What you have to do
Repeat only the lines below from the one containing "#53=DIRECTION('',(0.,1.,0.));" through the one containing "#93=FACE_BOUND('',#92,.T.);", inclusive, exactly as written.

Input data
• • • •

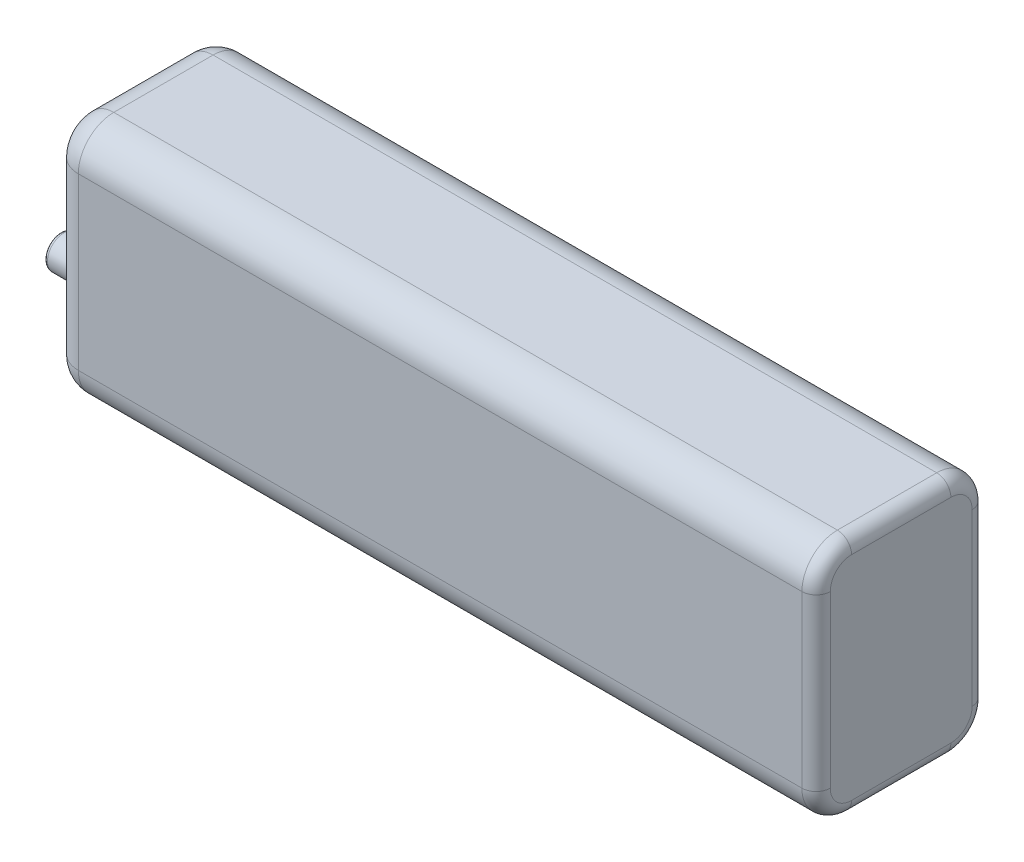
ISO-10303-21;
HEADER;
FILE_DESCRIPTION(('STEP AP214'),'2;1');
FILE_NAME('part.step','',(''),(''),'','','');
FILE_SCHEMA(('AUTOMOTIVE_DESIGN { 1 0 10303 214 1 1 1 1 }'));
ENDSEC;
DATA;
#1=APPLICATION_CONTEXT('core data for automotive mechanical design processes');
#2=APPLICATION_PROTOCOL_DEFINITION('international standard','automotive_design',2000,#1);
#3=PRODUCT_CONTEXT('',#1,'mechanical');
#4=PRODUCT('Part','Part','',(#3));
#5=PRODUCT_RELATED_PRODUCT_CATEGORY('part','',(#4));
#6=PRODUCT_DEFINITION_FORMATION('','',#4);
#7=PRODUCT_DEFINITION_CONTEXT('part definition',#1,'design');
#8=PRODUCT_DEFINITION('design','',#6,#7);
#9=PRODUCT_DEFINITION_SHAPE('','',#8);
#10=(LENGTH_UNIT() NAMED_UNIT(*) SI_UNIT(.MILLI.,.METRE.));
#11=(NAMED_UNIT(*) PLANE_ANGLE_UNIT() SI_UNIT($,.RADIAN.));
#12=(NAMED_UNIT(*) SI_UNIT($,.STERADIAN.) SOLID_ANGLE_UNIT());
#13=UNCERTAINTY_MEASURE_WITH_UNIT(LENGTH_MEASURE(1.E-05),#10,'distance_accuracy_value','');
#14=(GEOMETRIC_REPRESENTATION_CONTEXT(3) GLOBAL_UNCERTAINTY_ASSIGNED_CONTEXT((#13)) GLOBAL_UNIT_ASSIGNED_CONTEXT((#10,
#11,#12)) REPRESENTATION_CONTEXT('',''));
#15=CARTESIAN_POINT('',(0.,0.,0.));
#16=DIRECTION('',(0.,0.,1.));
#17=DIRECTION('',(1.,0.,0.));
#18=AXIS2_PLACEMENT_3D('',#15,#16,#17);
#19=CARTESIAN_POINT('',(-54.,17.,24.));
#20=DIRECTION('',(1.,0.,0.));
#21=DIRECTION('',(0.,1.,0.));
#22=AXIS2_PLACEMENT_3D('',#19,#20,#21);
#23=PLANE('',#22);
#24=DIRECTION('',(0.,-1.,0.));
#25=VECTOR('',#24,1.);
#26=CARTESIAN_POINT('',(-54.,12.,20.));
#27=LINE('',#26,#25);
#28=CARTESIAN_POINT('',(-54.,-12.,20.));
#29=VERTEX_POINT('',#28);
#30=CARTESIAN_POINT('',(-54.,12.,20.));
#31=VERTEX_POINT('',#30);
#32=EDGE_CURVE('E288',#29,#31,#27,.F.);
#33=ORIENTED_EDGE('',*,*,#32,.T.);
#34=CARTESIAN_POINT('',(-54.,12.,19.));
#35=DIRECTION('',(1.,0.,0.));
#36=DIRECTION('',(0.,1.,0.));
#37=AXIS2_PLACEMENT_3D('',#34,#35,#36);
#38=CIRCLE('',#37,1.);
#39=CARTESIAN_POINT('',(-54.,13.,19.));
#40=VERTEX_POINT('',#39);
#41=EDGE_CURVE('E312',#31,#40,#38,.F.);
#42=ORIENTED_EDGE('',*,*,#41,.T.);
#43=DIRECTION('',(0.,0.,-1.));
#44=VECTOR('',#43,1.);
#45=CARTESIAN_POINT('',(-54.,13.,24.));
#46=LINE('',#45,#44);
#47=CARTESIAN_POINT('',(-54.,13.,5.));
#48=VERTEX_POINT('',#47);
#49=EDGE_CURVE('E310',#40,#48,#46,.T.);
#50=ORIENTED_EDGE('',*,*,#49,.T.);
#51=CARTESIAN_POINT('',(-54.,12.,5.));
#52=DIRECTION('',(1.,0.,0.));
#53=DIRECTION('',(0.,1.,0.));
#54=AXIS2_PLACEMENT_3D('',#51,#52,#53);
#55=CIRCLE('',#54,1.);
#56=CARTESIAN_POINT('',(-54.,12.,4.));
#57=VERTEX_POINT('',#56);
#58=EDGE_CURVE('E308',#48,#57,#55,.F.);
#59=ORIENTED_EDGE('',*,*,#58,.T.);
#60=DIRECTION('',(0.,-1.,0.));
#61=VECTOR('',#60,1.);
#62=CARTESIAN_POINT('',(-54.,17.,4.));
#63=LINE('',#62,#61);
#64=CARTESIAN_POINT('',(-54.,-12.,4.));
#65=VERTEX_POINT('',#64);
#66=EDGE_CURVE('E306',#57,#65,#63,.T.);
#67=ORIENTED_EDGE('',*,*,#66,.T.);
#68=CARTESIAN_POINT('',(-54.,-12.,5.));
#69=DIRECTION('',(1.,0.,0.));
#70=DIRECTION('',(0.,1.,0.));
#71=AXIS2_PLACEMENT_3D('',#68,#69,#70);
#72=CIRCLE('',#71,1.);
#73=CARTESIAN_POINT('',(-54.,-13.,5.));
#74=VERTEX_POINT('',#73);
#75=EDGE_CURVE('E304',#65,#74,#72,.F.);
#76=ORIENTED_EDGE('',*,*,#75,.T.);
#77=DIRECTION('',(0.,0.,-1.));
#78=VECTOR('',#77,1.);
#79=CARTESIAN_POINT('',(-54.,-13.,24.));
#80=LINE('',#79,#78);
#81=CARTESIAN_POINT('',(-54.,-13.,19.));
#82=VERTEX_POINT('',#81);
#83=EDGE_CURVE('E302',#74,#82,#80,.F.);
#84=ORIENTED_EDGE('',*,*,#83,.T.);
#85=CARTESIAN_POINT('',(-54.,-12.,19.));
#86=DIRECTION('',(1.,0.,0.));
#87=DIRECTION('',(0.,1.,0.));
#88=AXIS2_PLACEMENT_3D('',#85,#86,#87);
#89=CIRCLE('',#88,1.);
#90=EDGE_CURVE('E300',#82,#29,#89,.F.);
#91=ORIENTED_EDGE('',*,*,#90,.T.);
#92=EDGE_LOOP('',(#33,#42,#50,#59,#67,#76,#84,#91));
#93=FACE_BOUND('',#92,.T.);
#94=DIRECTION('',(0.,1.,0.));
#95=VECTOR('',#94,1.);
#96=CARTESIAN_POINT('',(-54.,-3.71623294333291,17.6228811895128));
#97=LINE('',#96,#95);
#98=CARTESIAN_POINT('',(-54.,-12.0863039057049,17.6228811895128));
#99=VERTEX_POINT('',#98);
#100=CARTESIAN_POINT('',(-54.,-3.71623294333291,17.6228811895128));
#101=VERTEX_POINT('',#100);
#102=EDGE_CURVE('E201',#99,#101,#97,.T.);
#103=ORIENTED_EDGE('',*,*,#102,.F.);
#104=DIRECTION('',(0.,0.,1.));
#105=VECTOR('',#104,1.);
#106=CARTESIAN_POINT('',(-54.,-12.0863039057049,17.6228811895128));
#107=LINE('',#106,#105);
#108=CARTESIAN_POINT('',(-54.,-12.0863039057049,5.6695768500166));
#109=VERTEX_POINT('',#108);
#110=EDGE_CURVE('E208',#109,#99,#107,.T.);
#111=ORIENTED_EDGE('',*,*,#110,.F.);
#112=DIRECTION('',(0.,-1.,0.));
#113=VECTOR('',#112,1.);
#114=CARTESIAN_POINT('',(-54.,-3.71623294333291,5.6695768500166));
#115=LINE('',#114,#113);
#116=CARTESIAN_POINT('',(-54.,-3.71623294333291,5.6695768500166));
#117=VERTEX_POINT('',#116);
#118=EDGE_CURVE('E221',#117,#109,#115,.T.);
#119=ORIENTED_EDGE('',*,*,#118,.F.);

• • • •

Finished exercise
#53=DIRECTION('',(0.,1.,0.));
#54=AXIS2_PLACEMENT_3D('',#51,#52,#53);
#55=CIRCLE('',#54,1.);
#56=CARTESIAN_POINT('',(-54.,12.,4.));
#57=VERTEX_POINT('',#56);
#58=EDGE_CURVE('E308',#48,#57,#55,.F.);
#59=ORIENTED_EDGE('',*,*,#58,.T.);
#60=DIRECTION('',(0.,-1.,0.));
#61=VECTOR('',#60,1.);
#62=CARTESIAN_POINT('',(-54.,17.,4.));
#63=LINE('',#62,#61);
#64=CARTESIAN_POINT('',(-54.,-12.,4.));
#65=VERTEX_POINT('',#64);
#66=EDGE_CURVE('E306',#57,#65,#63,.T.);
#67=ORIENTED_EDGE('',*,*,#66,.T.);
#68=CARTESIAN_POINT('',(-54.,-12.,5.));
#69=DIRECTION('',(1.,0.,0.));
#70=DIRECTION('',(0.,1.,0.));
#71=AXIS2_PLACEMENT_3D('',#68,#69,#70);
#72=CIRCLE('',#71,1.);
#73=CARTESIAN_POINT('',(-54.,-13.,5.));
#74=VERTEX_POINT('',#73);
#75=EDGE_CURVE('E304',#65,#74,#72,.F.);
#76=ORIENTED_EDGE('',*,*,#75,.T.);
#77=DIRECTION('',(0.,0.,-1.));
#78=VECTOR('',#77,1.);
#79=CARTESIAN_POINT('',(-54.,-13.,24.));
#80=LINE('',#79,#78);
#81=CARTESIAN_POINT('',(-54.,-13.,19.));
#82=VERTEX_POINT('',#81);
#83=EDGE_CURVE('E302',#74,#82,#80,.F.);
#84=ORIENTED_EDGE('',*,*,#83,.T.);
#85=CARTESIAN_POINT('',(-54.,-12.,19.));
#86=DIRECTION('',(1.,0.,0.));
#87=DIRECTION('',(0.,1.,0.));
#88=AXIS2_PLACEMENT_3D('',#85,#86,#87);
#89=CIRCLE('',#88,1.);
#90=EDGE_CURVE('E300',#82,#29,#89,.F.);
#91=ORIENTED_EDGE('',*,*,#90,.T.);
#92=EDGE_LOOP('',(#33,#42,#50,#59,#67,#76,#84,#91));
#93=FACE_BOUND('',#92,.T.);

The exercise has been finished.